Candid Notes

February 28, 2017

Restructuring and Darah’s pedagogy

By Yinka Odumakin

PROFESSOR GG Darah of Delta State University is a versatile instructor with his folklorist bent. As my Literature teacher in Ife, his class was an exciting place to be. I still carry a mental picture of each of his sessions at the serious ideological battle ground that the Ife of our time was. I recall the day he took a large class to the amphitheatre at Oduduwa Hall to treat D.O Fagunwa’s Forest of a Thousand Demons, Soyinka’s translation of the Yoruba text: Ogboju Ode Ninu Igbo Irunmole.

Within two hours, Darah took us through the entire novel in a very exciting journey and ended with a materialist critique of Fagunwa’s worldview “How a journey that starts from Oke-Igbo terminates at the gate of heaven calls for serious interrogation”, he concluded the gripping session.

That session was replayed in my mind days back when this great teacher stood at Daily Independent Newspaper “Man of the Year ” award ceremony to take this country through an unforgettable “class”  on the fiercest issue in the land today: restructuring. Anyone who cares about the future of this country and missed that classic presentation should check the archives of this newspaper on Google for :Who is afraid of restructuring, by Prof GG Darah.

Historical odyssey

As one of the foremost intellectuals on the subject and a delegate to the 2014 National Conference, where some delegates from Far North asked for his head when he said that Fulani herdsmen were raping women in Delta villages; Darah’s delivery was effortless, lucid and engaging.

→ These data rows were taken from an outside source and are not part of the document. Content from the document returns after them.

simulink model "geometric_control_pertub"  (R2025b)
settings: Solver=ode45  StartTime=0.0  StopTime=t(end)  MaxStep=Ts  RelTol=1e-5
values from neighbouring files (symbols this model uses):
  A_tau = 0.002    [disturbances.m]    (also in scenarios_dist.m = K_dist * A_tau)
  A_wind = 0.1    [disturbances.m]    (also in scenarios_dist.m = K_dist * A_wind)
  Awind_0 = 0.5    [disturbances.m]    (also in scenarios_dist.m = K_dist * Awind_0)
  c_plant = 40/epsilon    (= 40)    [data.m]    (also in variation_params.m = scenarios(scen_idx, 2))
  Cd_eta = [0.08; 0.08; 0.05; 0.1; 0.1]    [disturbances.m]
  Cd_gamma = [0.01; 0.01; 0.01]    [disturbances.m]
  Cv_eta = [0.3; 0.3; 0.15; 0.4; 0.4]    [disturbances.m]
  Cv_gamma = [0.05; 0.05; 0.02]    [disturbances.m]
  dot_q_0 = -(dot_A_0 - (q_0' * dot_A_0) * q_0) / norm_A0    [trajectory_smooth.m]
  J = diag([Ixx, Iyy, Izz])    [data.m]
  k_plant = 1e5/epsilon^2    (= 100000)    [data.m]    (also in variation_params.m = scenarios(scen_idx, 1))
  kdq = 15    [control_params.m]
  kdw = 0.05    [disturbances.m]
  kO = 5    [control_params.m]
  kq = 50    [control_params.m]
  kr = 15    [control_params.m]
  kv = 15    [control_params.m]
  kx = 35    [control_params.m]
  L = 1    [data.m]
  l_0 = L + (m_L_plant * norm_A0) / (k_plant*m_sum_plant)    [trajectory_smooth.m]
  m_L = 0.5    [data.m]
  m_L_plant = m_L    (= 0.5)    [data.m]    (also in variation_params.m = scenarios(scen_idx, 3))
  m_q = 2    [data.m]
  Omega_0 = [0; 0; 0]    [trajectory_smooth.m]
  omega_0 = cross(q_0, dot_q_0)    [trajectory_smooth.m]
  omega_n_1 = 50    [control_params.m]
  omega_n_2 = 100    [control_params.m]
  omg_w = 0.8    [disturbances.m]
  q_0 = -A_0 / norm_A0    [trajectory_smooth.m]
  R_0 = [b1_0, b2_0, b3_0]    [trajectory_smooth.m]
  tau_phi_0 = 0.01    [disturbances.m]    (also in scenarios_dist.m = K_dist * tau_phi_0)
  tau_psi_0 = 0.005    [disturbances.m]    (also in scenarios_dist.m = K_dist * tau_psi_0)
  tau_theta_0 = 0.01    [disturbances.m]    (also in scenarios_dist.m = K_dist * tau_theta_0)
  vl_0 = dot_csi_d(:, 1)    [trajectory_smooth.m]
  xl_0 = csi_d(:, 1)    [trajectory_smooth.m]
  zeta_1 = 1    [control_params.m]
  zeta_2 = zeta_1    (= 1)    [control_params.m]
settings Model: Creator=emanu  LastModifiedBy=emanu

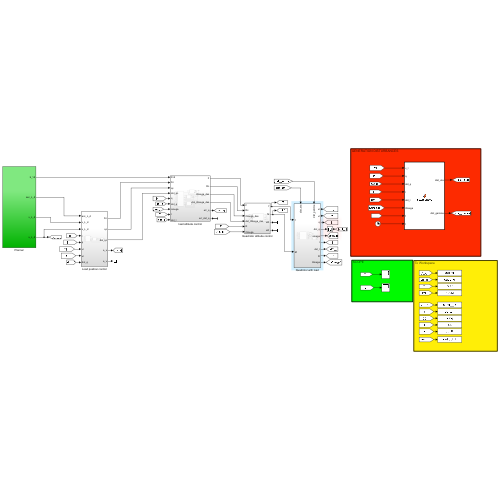
[thumbnail: Simulink's stored preview of the top-level diagram]
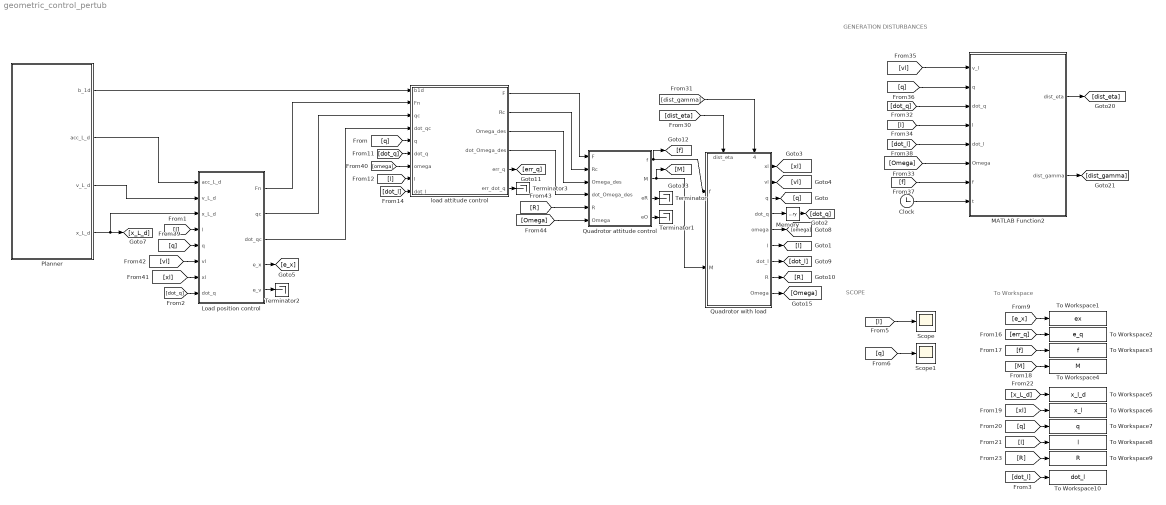
== system geometric_control_pertub ==
  note: GENERATION DISTURBANCES
  note: To Workspace
  note: SCOPE
  Clock : Clock
  Load position control : Subsystem
  MATLAB Function2 : MATLAB Function  TreatAsAtomicUnit=on
  Memory : Memory  InitialCondition=dot_q_0
  Planner : Subsystem
  Quadrotor attitude control : Subsystem
  Quadrotor with load : Subsystem
      settings: PortSchema="{\"entries\":[{\"content\":{\"sides\":[{\"content\":{\"connectorIds\":[\"In1\",\"In2\"]},\"type\":\"ConnectorPlacement.EquallySpacedRectSide\",\"uuid\":\"bde89180-b818-445b-bc24-a963d30a6ca2\"},{\"content\":{\"connectorIds\":[\"Out1\",\"Out2\",\"Out3\",\"Out4\",\"Out5\",\"Out6\",\"Out7\",\"Out8\",\"Out9\"],\"side\":\"RIGHT\"},\"type\":\"ConnectorPlacement.EquallySpacedRectSide\",\"uuid\":\"01dfe049-2eac-475a-b8e9-907eef5903e1\"},{\"content\":{\"connectorIds\":[\"In3\",\"In4\"],\"side\":\"TOP\"},\"type\":\"ConnectorPlacement.EquallySpacedRectSide\",\"uuid\":\"9cbb9b96-1170-48a0-bc43-4ca5d32b1acc\"}]},\"type\":\"ConnectorPlacement.EquallySpacedConnector\",\"uuid\":\"6cb2dbf7-60ad-42b8-8943-1cecbded3d22\"}],\"packageUris\":[\"http://schema.mathworks.com/mf0/Connector/R2020b\"],\"version\":\"1.0\"}"
  Scope : Scope
      settings: ActiveDisplayYMinimum=-1  ActiveDisplayYMaximum=1
  Scope1 : Scope
  Terminator{,1..3} (4 alike) : Terminator
  To Workspace1 : ToWorkspace  VariableName=ex  SaveFormat=Timeseries  SampleTime=-1
  To Workspace10 : ToWorkspace  VariableName=dot_l  SaveFormat=Timeseries  SampleTime=-1
  To Workspace2 : ToWorkspace  VariableName=e_q  SaveFormat=Timeseries  SampleTime=-1
  To Workspace3 : ToWorkspace  VariableName=f  SaveFormat=Timeseries  SampleTime=-1
  To Workspace4 : ToWorkspace  VariableName=M  SaveFormat=Timeseries  SampleTime=-1
  To Workspace5 : ToWorkspace  VariableName=x_l_d  SaveFormat=Timeseries  SampleTime=-1
  To Workspace6 : ToWorkspace  VariableName=x_l  SaveFormat=Timeseries  SampleTime=-1
  To Workspace7 : ToWorkspace  VariableName=q  SaveFormat=Timeseries  SampleTime=-1
  To Workspace8 : ToWorkspace  VariableName=l  SaveFormat=Timeseries  SampleTime=-1
  To Workspace9 : ToWorkspace  VariableName=R  SaveFormat=Timeseries  SampleTime=-1
  load attitude control : Subsystem
  wires:
  Quadrotor attitude control/1(f) -> [f], Quadrotor with load/1(f)
  Quadrotor attitude control/2(M) -> Quadrotor with load/2(M), [M]
  Quadrotor attitude control/3(eR) -> Terminator/1
  Quadrotor attitude control/4(eO) -> Terminator1/1
  load attitude control/1(F) -> Quadrotor attitude control/1(F)
  load attitude control/2(Rc) -> Quadrotor attitude control/2(Rc)
  load attitude control/3(Omega_des) -> Quadrotor attitude control/3(Omega_des)
  load attitude control/4(dot_Omega_des) -> Quadrotor attitude control/4(dot_Omega_des)
  Load position control/1(Fn) -> load attitude control/2(Fn)
  Load position control/2(qc) -> load attitude control/3(qc)
  Load position control/3(dot_qc) -> load attitude control/4(dot_qc)
  [l] -> Load position control/4(l)
  [dot_q] -> Load position control/8(dot_q)
  load attitude control/5(err_q) -> [err_q]
  load attitude control/6(err_dot_q) -> Terminator3/1
  Planner/1(b_1d) -> load attitude control/1(b1d)
  Planner/2(acc_L_d) -> Load position control/1(acc_L_d)
  Planner/3(v_L_d) -> Load position control/2(v_L_d)
  Planner/4(x_L_d) -> [x_L_d], Load position control/3(x_L_d)
  Quadrotor with load/6(l) -> [l]
  Quadrotor with load/5(omega) -> [omega]
  Quadrotor with load/3(q) -> [q]
  Quadrotor with load/1(xl) -> [xl]
  Quadrotor with load/2(vl) -> [vl]
  Load position control/4(e_x) -> [e_x]
  Load position control/5(e_v) -> Terminator2/1
  Memory/1 -> [dot_q]
  Quadrotor with load/4(dot_q) -> Memory/1
  [dot_q] -> load attitude control/6(dot_q)
  [l] -> load attitude control/8(l)
  Quadrotor with load/7(dot_l) -> [dot_l]
  [dot_l] -> load attitude control/9(dot_l)
  Quadrotor with load/8(R) -> [R]
  [e_x] -> To Workspace1/1
  [err_q] -> To Workspace2/1
  [f] -> To Workspace3/1
  [M] -> To Workspace4/1
  [x_L_d] -> To Workspace5/1
  [xl] -> To Workspace6/1
  [q] -> To Workspace7/1
  [l] -> To Workspace8/1
  [R] -> To Workspace9/1
  [l] -> Scope/1
  [q] -> Scope1/1
  Quadrotor with load/9(Omega) -> [Omega]
  MATLAB Function2/1(dist_eta) -> [dist_eta]
  MATLAB Function2/2(dist_gamma) -> [dist_gamma]
  [dist_eta] -> Quadrotor with load/3(dist_eta)
  [dist_gamma] -> Quadrotor with load/4(dist_gamma)
  [l] -> MATLAB Function2/4(l)
  [dot_q] -> MATLAB Function2/3(dot_q)
  [vl] -> MATLAB Function2/1(v_l)
  Clock/1 -> MATLAB Function2/8(t)
  [Omega] -> MATLAB Function2/6(Omega)
  [q] -> MATLAB Function2/2(q)
  [f] -> MATLAB Function2/7(f)
  [dot_l] -> MATLAB Function2/5(dot_l)
  [q] -> Load position control/5(q)
  [omega] -> load attitude control/7(omega)
  [xl] -> Load position control/7(xl)
  [vl] -> Load position control/6(vl)
  [R] -> Quadrotor attitude control/5(R)
  [Omega] -> Quadrotor attitude control/6(Omega)
  [q] -> load attitude control/5(q)
  [dot_l] -> To Workspace10/1

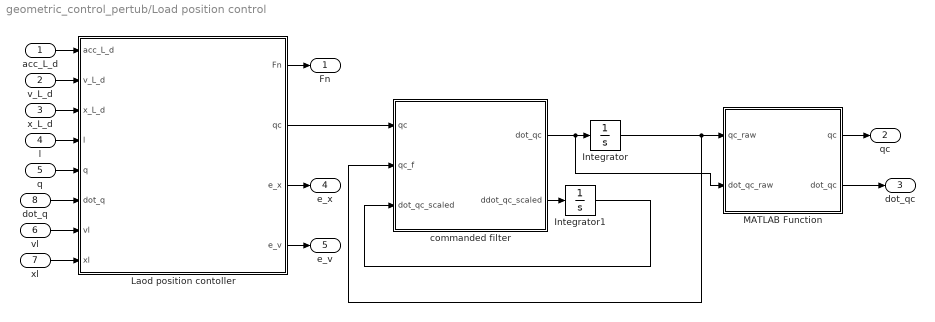
== system geometric_control_pertub/Load position control ==
  acc_L_d : Inport
  v_L_d : Inport  Port=2
  x_L_d : Inport  Port=3
  l : Inport  Port=4
  q : Inport  Port=5
  vl : Inport  Port=6
  xl : Inport  Port=7
  dot_q : Inport  Port=8
  Integrator : Integrator  InitialCondition=q_0
  Integrator1 : Integrator  InitialCondition=dot_q_0
  Laod position contoller : MATLAB Function  TreatAsAtomicUnit=on
  MATLAB Function : MATLAB Function  TreatAsAtomicUnit=on
  commanded filter : MATLAB Function  TreatAsAtomicUnit=on
  Fn : Outport
  qc : Outport  Port=2
  dot_qc : Outport  Port=3
  e_x : Outport  Port=4  VectorParamsAs1DForOutWhenUnconnected=off
  e_v : Outport  Port=5  VectorParamsAs1DForOutWhenUnconnected=off
  wires:
  acc_L_d/1 -> Laod position contoller/1(acc_L_d)
  v_L_d/1 -> Laod position contoller/2(v_L_d)
  x_L_d/1 -> Laod position contoller/3(x_L_d)
  l/1 -> Laod position contoller/4(l)
  q/1 -> Laod position contoller/5(q)
  vl/1 -> Laod position contoller/7(vl)
  xl/1 -> Laod position contoller/8(xl)
  Laod position contoller/1(Fn) -> Fn/1
  Laod position contoller/2(qc) -> commanded filter/1(qc)
  dot_q/1 -> Laod position contoller/6(dot_q)
  Laod position contoller/3(e_x) -> e_x/1
  Laod position contoller/4(e_v) -> e_v/1
  commanded filter/1(dot_qc) -> MATLAB Function/2(dot_qc_raw), Integrator/1
  Integrator/1 -> MATLAB Function/1(qc_raw), commanded filter/2(qc_f)
  commanded filter/2(ddot_qc_scaled) -> Integrator1/1
  Integrator1/1 -> commanded filter/3(dot_qc_scaled)
  MATLAB Function/1(qc) -> qc/1
  MATLAB Function/2(dot_qc) -> dot_qc/1

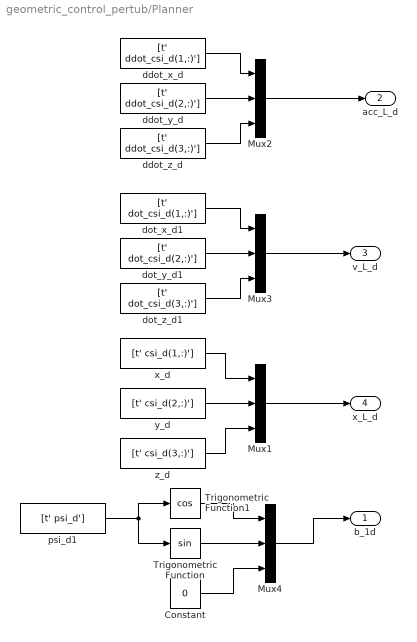
== system geometric_control_pertub/Planner ==
  Constant : Constant  Value=0
  Mux{1..4} (4 alike) : Mux  Inputs=3
  Trigonometric Function : Trigonometry
  Trigonometric Function1 : Trigonometry  Operator=cos
  ddot_x_d : FromWorkspace  VariableName=[t' ddot_csi_d(1,:)']  OutputAfterFinalValue=Holding final value
  ddot_y_d : FromWorkspace  VariableName=[t' ddot_csi_d(2,:)']  OutputAfterFinalValue=Holding final value
  ddot_z_d : FromWorkspace  VariableName=[t' ddot_csi_d(3,:)']  OutputAfterFinalValue=Holding final value
  dot_x_d1 : FromWorkspace  VariableName=[t' dot_csi_d(1,:)']  OutputAfterFinalValue=Holding final value
  dot_y_d1 : FromWorkspace  VariableName=[t' dot_csi_d(2,:)']  OutputAfterFinalValue=Holding final value
  dot_z_d1 : FromWorkspace  VariableName=[t' dot_csi_d(3,:)']  OutputAfterFinalValue=Holding final value
  psi_d1 : FromWorkspace  VariableName=[t' psi_d']  OutputAfterFinalValue=Holding final value
  x_d : FromWorkspace  VariableName=[t' csi_d(1,:)']  OutputAfterFinalValue=Holding final value
  y_d : FromWorkspace  VariableName=[t' csi_d(2,:)']  OutputAfterFinalValue=Holding final value
  z_d : FromWorkspace  VariableName=[t' csi_d(3,:)']  OutputAfterFinalValue=Holding final value
  b_1d : Outport
  acc_L_d : Outport  Port=2
  v_L_d : Outport  Port=3
  x_L_d : Outport  Port=4
  wires:
  y_d/1 -> Mux1/2
  z_d/1 -> Mux1/3
  x_d/1 -> Mux1/1
  ddot_y_d/1 -> Mux2/2
  ddot_z_d/1 -> Mux2/3
  ddot_x_d/1 -> Mux2/1
  Mux2/1 -> acc_L_d/1
  Mux1/1 -> x_L_d/1
  dot_y_d1/1 -> Mux3/2
  dot_z_d1/1 -> Mux3/3
  dot_x_d1/1 -> Mux3/1
  Mux3/1 -> v_L_d/1
  Mux4/1 -> b_1d/1
  Trigonometric Function/1 -> Mux4/2
  psi_d1/1 -> Trigonometric Function/1, Trigonometric Function1/1
  Trigonometric Function1/1 -> Mux4/1
  Constant/1 -> Mux4/3

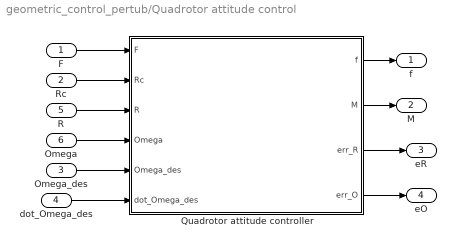
== system geometric_control_pertub/Quadrotor attitude control ==
  F : Inport
  Rc : Inport  Port=2
  Omega_des : Inport  Port=3
  dot_Omega_des : Inport  Port=4
  R : Inport  Port=5
  Omega : Inport  Port=6
  Quadrotor attitude controller : MATLAB Function  TreatAsAtomicUnit=on
  f : Outport
  M : Outport  Port=2
  eR : Outport  Port=3
  eO : Outport  Port=4
  wires:
  F/1 -> Quadrotor attitude controller/1(F)
  Quadrotor attitude controller/1(f) -> f/1
  Quadrotor attitude controller/2(M) -> M/1
  Quadrotor attitude controller/3(err_R) -> eR/1
  Quadrotor attitude controller/4(err_O) -> eO/1
  R/1 -> Quadrotor attitude controller/3(R)
  Omega/1 -> Quadrotor attitude controller/4(Omega)
  Omega_des/1 -> Quadrotor attitude controller/5(Omega_des)
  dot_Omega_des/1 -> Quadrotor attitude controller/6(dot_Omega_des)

He took his listeners on historical odyssey on how what we all know as the traumatising and problematic country called Nigeria came to being with all the blow-by-blow details. It is a bumbling account of the coupling of dysfunctional entity that would have been the 8th wonder of the world if it had worked out.

In his Daranic fashion, he dismissed the heresy that God could have had a hand in such ungodly arrangement .

Those who say that God had a purpose for cloning Nigerian peoples into a single country are guilty of blasphemy. God had no hand in the stealing of peoples’ lands and resources to make the Nigerian colony. Rather, Nigeria was created by British military adventurers and capitalist plutocrats to generate maximum profit from the exploitation of human and natural resources. The economic motive for creating Nigeria is evident in the final process of the amalgamation that started in 1900. The British faced a dilemma at this point. The British knew that the Northern Protectorate was financially famished and could not generate the public revenue for running its administration. There were practically no tax payers and commercial firms to pay tax. The Colonial Office in London did not want British tax payers to bear the burden of subsidising an African colony that could not raise taxes internally for its survival. But Southern Nigeria already had business conglomerates many employees, commercially viable cities, staff of government and private institutions, and ports yielding export and import duties. To get revenue to subsidise the insolvent Northern Protectorate, the then Colonial Secretary, Lord Lewis Vernon Harcourt, made a proposal on how to sacrifice Southern Nigeria to subsidise Northern Nigeria. In his memorandum on the matter, Lewis Harcourt declared triumphantly thus:

“We have released Northern Nigeria from the leading strings of the Treasury. The promising and well conducted youth is now on an allowance on its own and is about to effect an alliance with a Southern lady of means. I have issued the special licence and Sir Frederick Lugard will perform the ceremony. May the union be fruitful and the couple constant.”

The teacher of nationhood admits that the above prayer has been answered but not in the interest of a party in the forced Union. “True to the prayer of Lewis Harcourt, the union between Northern Nigeria and Southern Nigeria has been “fruitful” for 100 years for foreign business exploiters and their Nigerian associates. But the union has been unfruitful and harmful to the people of Southern Nigeria. Southern Nigeria is still paying the bulk of the bills for running government in the northern states of Nigeria.”

2014 National confab

He went on to trace the history of agitations for federalism in Nigeria,how our founding fathers negotiated a federal Nigeria at independence and its gradual subversion from the first coup in 1966 to the complete unitary arrangement we have today that has completely wiped off the titles of the owners of the constituent  units of Nigeria in the service of conquest and domination.

His illuminating presentation of the major recommendations of 2014 National Conference highlight the grave injustice that would be done to the future of Nigeria if the contents are ignored  with his closing lines: “I would like to add by affirming that the President  Buhari administration can only ignore the report of the Conference at its own peril. In any case, judging from the current mood in the country, there is hope that even if President Buhari demurs in the implementation of the Confab report, the Nigerian people will restructure the country by whatever means necessary.”